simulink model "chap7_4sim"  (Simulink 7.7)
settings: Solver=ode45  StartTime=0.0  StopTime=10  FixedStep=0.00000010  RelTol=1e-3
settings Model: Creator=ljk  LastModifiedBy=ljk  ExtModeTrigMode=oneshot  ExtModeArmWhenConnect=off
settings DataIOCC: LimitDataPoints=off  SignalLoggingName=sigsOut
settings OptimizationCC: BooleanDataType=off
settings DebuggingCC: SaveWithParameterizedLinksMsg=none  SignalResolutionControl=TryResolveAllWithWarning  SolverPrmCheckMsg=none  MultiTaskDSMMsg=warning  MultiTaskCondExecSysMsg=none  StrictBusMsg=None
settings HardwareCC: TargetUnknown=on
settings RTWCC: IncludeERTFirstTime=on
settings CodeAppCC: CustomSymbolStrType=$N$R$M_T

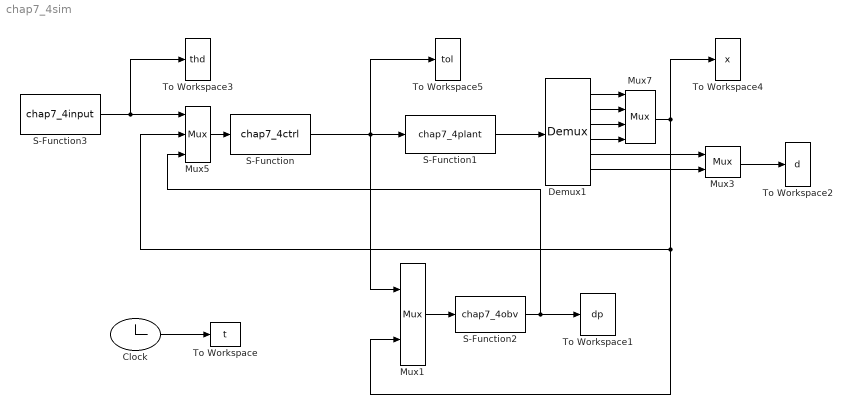
== system chap7_4sim ==
  Clock : Clock
  Demux1 : Demux  Outputs=6
  Mux1 : Mux  Inputs=2
  Mux3 : Mux  Inputs=2
  Mux5 : Mux  Inputs=3
  Mux7 : Mux
  S-Function : S-Function  FunctionName=chap7_4ctrl  EnableBusSupport=off
  S-Function1 : S-Function  FunctionName=chap7_4plant  EnableBusSupport=off
  S-Function2 : S-Function  FunctionName=chap7_4obv  EnableBusSupport=off
  S-Function3 : S-Function  FunctionName=chap7_4input  EnableBusSupport=off
  To Workspace : ToWorkspace  VariableName=t  SampleTime=-1  SaveFormat=Array
  To Workspace1 : ToWorkspace  VariableName=dp  SampleTime=-1  SaveFormat=Array
  To Workspace2 : ToWorkspace  VariableName=d  SampleTime=-1  SaveFormat=Array
  To Workspace3 : ToWorkspace  VariableName=thd  SampleTime=-1  SaveFormat=Array
  To Workspace4 : ToWorkspace  VariableName=x  SampleTime=-1  SaveFormat=Array
  To Workspace5 : ToWorkspace  VariableName=tol  SampleTime=-1  SaveFormat=Array
  wires:
  Clock/1 -> To Workspace/1
  Mux1/1 -> S-Function2/1
  S-Function3/1 -> Mux5/1, To Workspace3/1
  S-Function1/1 -> Demux1/1
  Demux1/1 -> Mux7/1
  Demux1/2 -> Mux7/2
  Demux1/3 -> Mux7/3
  Demux1/4 -> Mux7/4
  Mux7/1 -> To Workspace4/1, Mux5/2, Mux1/2
  Demux1/5 -> Mux3/1
  Demux1/6 -> Mux3/2
  Mux3/1 -> To Workspace2/1
  Mux5/1 -> S-Function/1
  S-Function/1 -> To Workspace5/1, S-Function1/1, Mux1/1
  S-Function2/1 -> Mux5/3, To Workspace1/1
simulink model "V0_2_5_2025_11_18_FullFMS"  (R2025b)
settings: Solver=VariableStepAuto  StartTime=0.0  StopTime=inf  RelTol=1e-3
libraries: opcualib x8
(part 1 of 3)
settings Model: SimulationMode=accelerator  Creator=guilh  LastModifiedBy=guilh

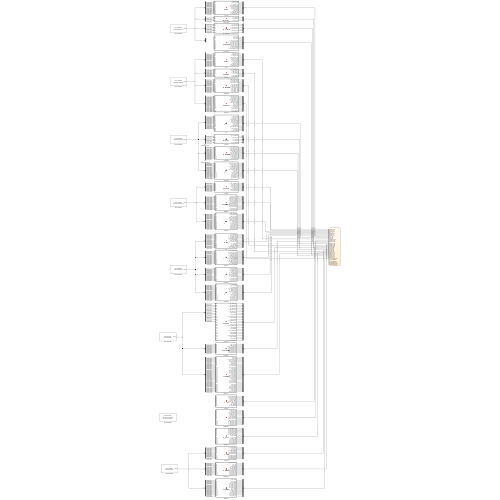
[thumbnail: Simulink's stored preview of the top-level diagram]
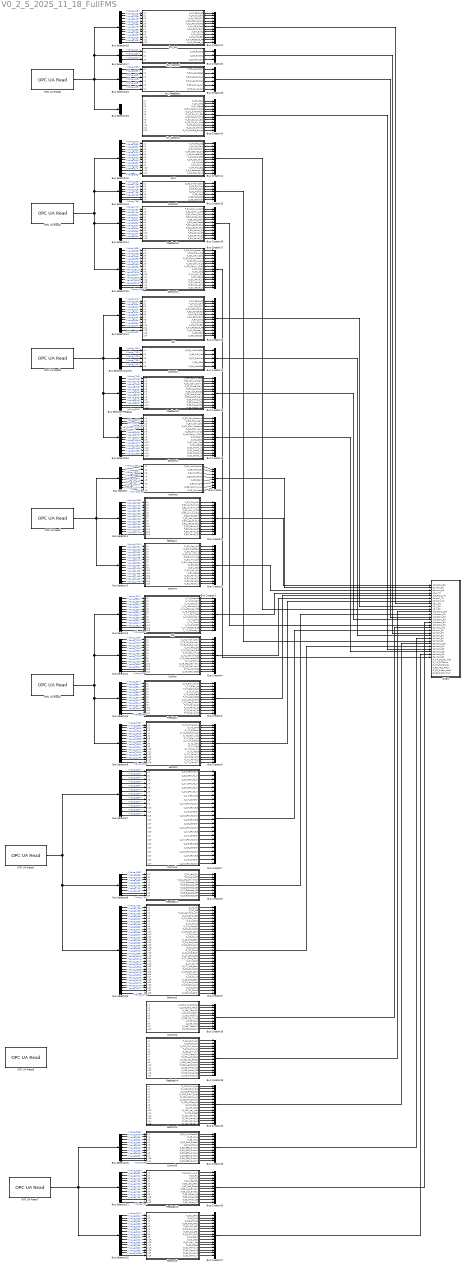
== system V0_2_5_2025_11_18_FullFMS ==
  ASI : MATLAB Function  TreatAsAtomicUnit=on
  Asi : MATLAB Function  TreatAsAtomicUnit=on
  Asi1 : MATLAB Function  TreatAsAtomicUnit=on
  Bus Creator : BusCreator  Inputs=8
  Bus Creator1 : BusCreator  Inputs=13
  Bus Creator10 : BusCreator  Inputs=14
  Bus Creator11 : BusCreator  Inputs=5
  Bus Creator{5,12,14,16,21,24,26} (7 alike) : BusCreator  Inputs=12
  Bus Creator{2,6,13,17,20} (5 alike) : BusCreator  Inputs=15
  Bus Creator15 : BusCreator  Inputs=7
  Bus Creator18 : BusCreator  Inputs=10
  Bus Creator19 : BusCreator  Inputs=14
  Bus Creator22 : BusCreator  Inputs=3
  Bus Creator23 : BusCreator  Inputs=6
  Bus Creator25 : BusCreator  Inputs=11
  Bus Creator27 : BusCreator  Inputs=16
  Bus Creator3 : BusCreator  Inputs=13
  Bus Creator4 : BusCreator  Inputs=13
  Bus Creator7 : BusCreator  Inputs=24
  Bus Creator8 : BusCreator  Inputs=9
  Bus Creator9 : BusCreator  Inputs=33
  Bus Selector : BusSelector  OutputSignals=Value_1062,Value_1072,Value_1082,Value_1094,Value_1104,Value_1114,Value_1124,Value_1134
  Bus Selector/Control : BusSelector  OutputSignals=Value_700,Value_710,Value_720,Value_730,Value_740
  Bus Selector/Feedback : BusSelector  OutputSignals=Value_756,Value_766,Value_776,Value_786,Value_796,Value_806,Value_816,Value_826,Value_836,Value_846,Value_856,Value_866
  Bus Selector1 : BusSelector  OutputSignals=Value_1150,Value_1160,Value_1170,Value_1180,Value_1190,Value_1200,Value_1210,Value_1220,Value_1230,Value_1240,Value_1250,Value_1260,Value_1270
  Bus Selector10 : BusSelector  OutputSignals=Value_885,Value_898,Value_913,Value_926,Value_939,Value_952,Value_965,Value_978,Value_991,Value_1004,Value_1017,Value_1030,Value_1043,Value_1056,Value_1069
  Bus Selector11 : BusSelector  OutputSignals=Value_574,Value_584,Value_594,Value_604,Value_614,Value_624,Value_634,Value_644,Value_654,Value_664,Value_674,Value_684
  Bus Selector12 : BusSelector  OutputSignals=Value_572,Value_582,Value_592,Value_602,Value_612,Value_622,Value_632,Value_642,Value_652,Value_662,Value_672,Value_682
  Bus Selector13 : BusSelector  OutputSignals=Value_698,Value_708,Value_718,Value_728,Value_738,Value_748,Value_758
  Bus Selector14 : BusSelector  OutputSignals=Value_774,Value_784,Value_794,Value_804,Value_814,Value_824,Value_834,Value_844,Value_854,Value_864,Value_874,Value_884
  Bus Selector15 : BusSelector  OutputSignals=Value_905,Value_918,Value_933,Value_946,Value_959,Value_972,Value_985,Value_998,Value_1011,Value_1024,Value_1037,Value_1050,Value_1063,Value_1076,Value_1089
  Bus Selector16 : BusSelector  OutputSignals=Value_215,Value_225,Value_235,Value_245,Value_255,Value_265,Value_275,Value_285,Value_295,Value_305,Value_315,Value_325
  Bus Selector17 : BusSelector  OutputSignals=Value_341,Value_354,Value_367
  Bus Selector18 : BusSelector  OutputSignals=Value_383,Value_393,Value_403,Value_413,Value_423,Value_433
  Bus Selector19 : BusSelector  OutputSignals=signal1,signal2
  Bus Selector2 : BusSelector  OutputSignals=Value_1291,Value_1304,Value_1319,Value_1332,Value_1345,Value_1358,Value_1371,Value_1384,Value_1397,Value_1410,Value_1423,Value_1436,Value_1449,Value_1462,Value_1475
  Bus Selector20 : BusSelector  OutputSignals=Value_566,Value_576,Value_586,Value_596,Value_606,Value_616,Value_626,Value_636,Value_646,Value_656,Value_666
  Bus Selector21 : BusSelector  OutputSignals=Value_682,Value_692,Value_702,Value_712,Value_722,Value_732,Value_742,Value_752,Value_762,Value_772,Value_782,Value_792
  Bus Selector22 : BusSelector  OutputSignals=Value_811,Value_824,Value_839,Value_852,Value_865,Value_878,Value_891,Value_904,Value_917,Value_930,Value_943,Value_956,Value_969,Value_982,Value_995,Value_1008
  Bus Selector3 : BusSelector  OutputSignals=Value_572,Value_582,Value_592,Value_602,Value_612,Value_622,Value_632,Value_642,Value_652,Value_662,Value_672,Value_682,Value_692
  Bus Selector4 : BusSelector  OutputSignals=Value_708,Value_718,Value_728,Value_738,Value_748,Value_758,Value_768,Value_778,Value_788,Value_798,Value_808,Value_818,Value_828
  Bus Selector5 : BusSelector  OutputSignals=Value_844,Value_854,Value_864,Value_874,Value_884,Value_894,Value_904,Value_914,Value_924,Value_934,Value_944,Value_954
  Bus Selector6 : BusSelector  OutputSignals=Value_975,Value_988,Value_1003,Value_1016,Value_1029,Value_1042,Value_1055,Value_1068,Value_1081,Value_1094,Value_1107,Value_1120,Value_1133,Value_1146,Value_1159
  Bus Selector7 : BusSelector  OutputSignals=Value_527,Value_537,Value_547,Value_557,Value_567,Value_577,Value_587,Value_597,Value_607,Value_617,Value_627,Value_637
  Bus Selector8 : BusSelector  OutputSignals=Value_653,Value_663,Value_673,Value_683,Value_693,Value_703,Value_713,Value_723,Value_733
  Bus Selector9 : BusSelector  OutputSignals=Value_752,Value_765,Value_780,Value_793,Value_806,Value_819,Value_832,Value_845,Value_858,Value_871,Value_884,Value_897,Value_910,Value_923,Value_936,Value_949,Value_962,Value_975,Value_988,Value_1001,Value_1014,Value_1027,Value_1040,Value_1053,Value_1066,Value_1079,Value_1092,Value_1105,Value_1118,Value_1131,Value_1144,Value_1157,Value_1170
  Chart : Stateflow chart  TreatAsAtomicUnit=on
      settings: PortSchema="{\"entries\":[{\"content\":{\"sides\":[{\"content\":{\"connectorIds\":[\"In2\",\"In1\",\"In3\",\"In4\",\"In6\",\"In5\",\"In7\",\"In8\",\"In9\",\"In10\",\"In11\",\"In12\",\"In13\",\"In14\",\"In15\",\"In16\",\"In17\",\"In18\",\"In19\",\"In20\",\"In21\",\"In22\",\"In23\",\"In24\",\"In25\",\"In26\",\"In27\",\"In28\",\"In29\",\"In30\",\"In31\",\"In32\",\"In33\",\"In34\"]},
= = = =
→ **BRIEF**:
In the listing above, find the line with "Bus Selector18 : BusSelector" and the line with "Bus Selector3 : BusSelector", then print exactly those two lines and every line between them, and nothing more.

→ **SOLUTION TO THE EXERCISE**:
  Bus Selector18 : BusSelector  OutputSignals=Value_383,Value_393,Value_403,Value_413,Value_423,Value_433
  Bus Selector19 : BusSelector  OutputSignals=signal1,signal2
  Bus Selector2 : BusSelector  OutputSignals=Value_1291,Value_1304,Value_1319,Value_1332,Value_1345,Value_1358,Value_1371,Value_1384,Value_1397,Value_1410,Value_1423,Value_1436,Value_1449,Value_1462,Value_1475
  Bus Selector20 : BusSelector  OutputSignals=Value_566,Value_576,Value_586,Value_596,Value_606,Value_616,Value_626,Value_636,Value_646,Value_656,Value_666
  Bus Selector21 : BusSelector  OutputSignals=Value_682,Value_692,Value_702,Value_712,Value_722,Value_732,Value_742,Value_752,Value_762,Value_772,Value_782,Value_792
  Bus Selector22 : BusSelector  OutputSignals=Value_811,Value_824,Value_839,Value_852,Value_865,Value_878,Value_891,Value_904,Value_917,Value_930,Value_943,Value_956,Value_969,Value_982,Value_995,Value_1008
  Bus Selector3 : BusSelector  OutputSignals=Value_572,Value_582,Value_592,Value_602,Value_612,Value_622,Value_632,Value_642,Value_652,Value_662,Value_672,Value_682,Value_692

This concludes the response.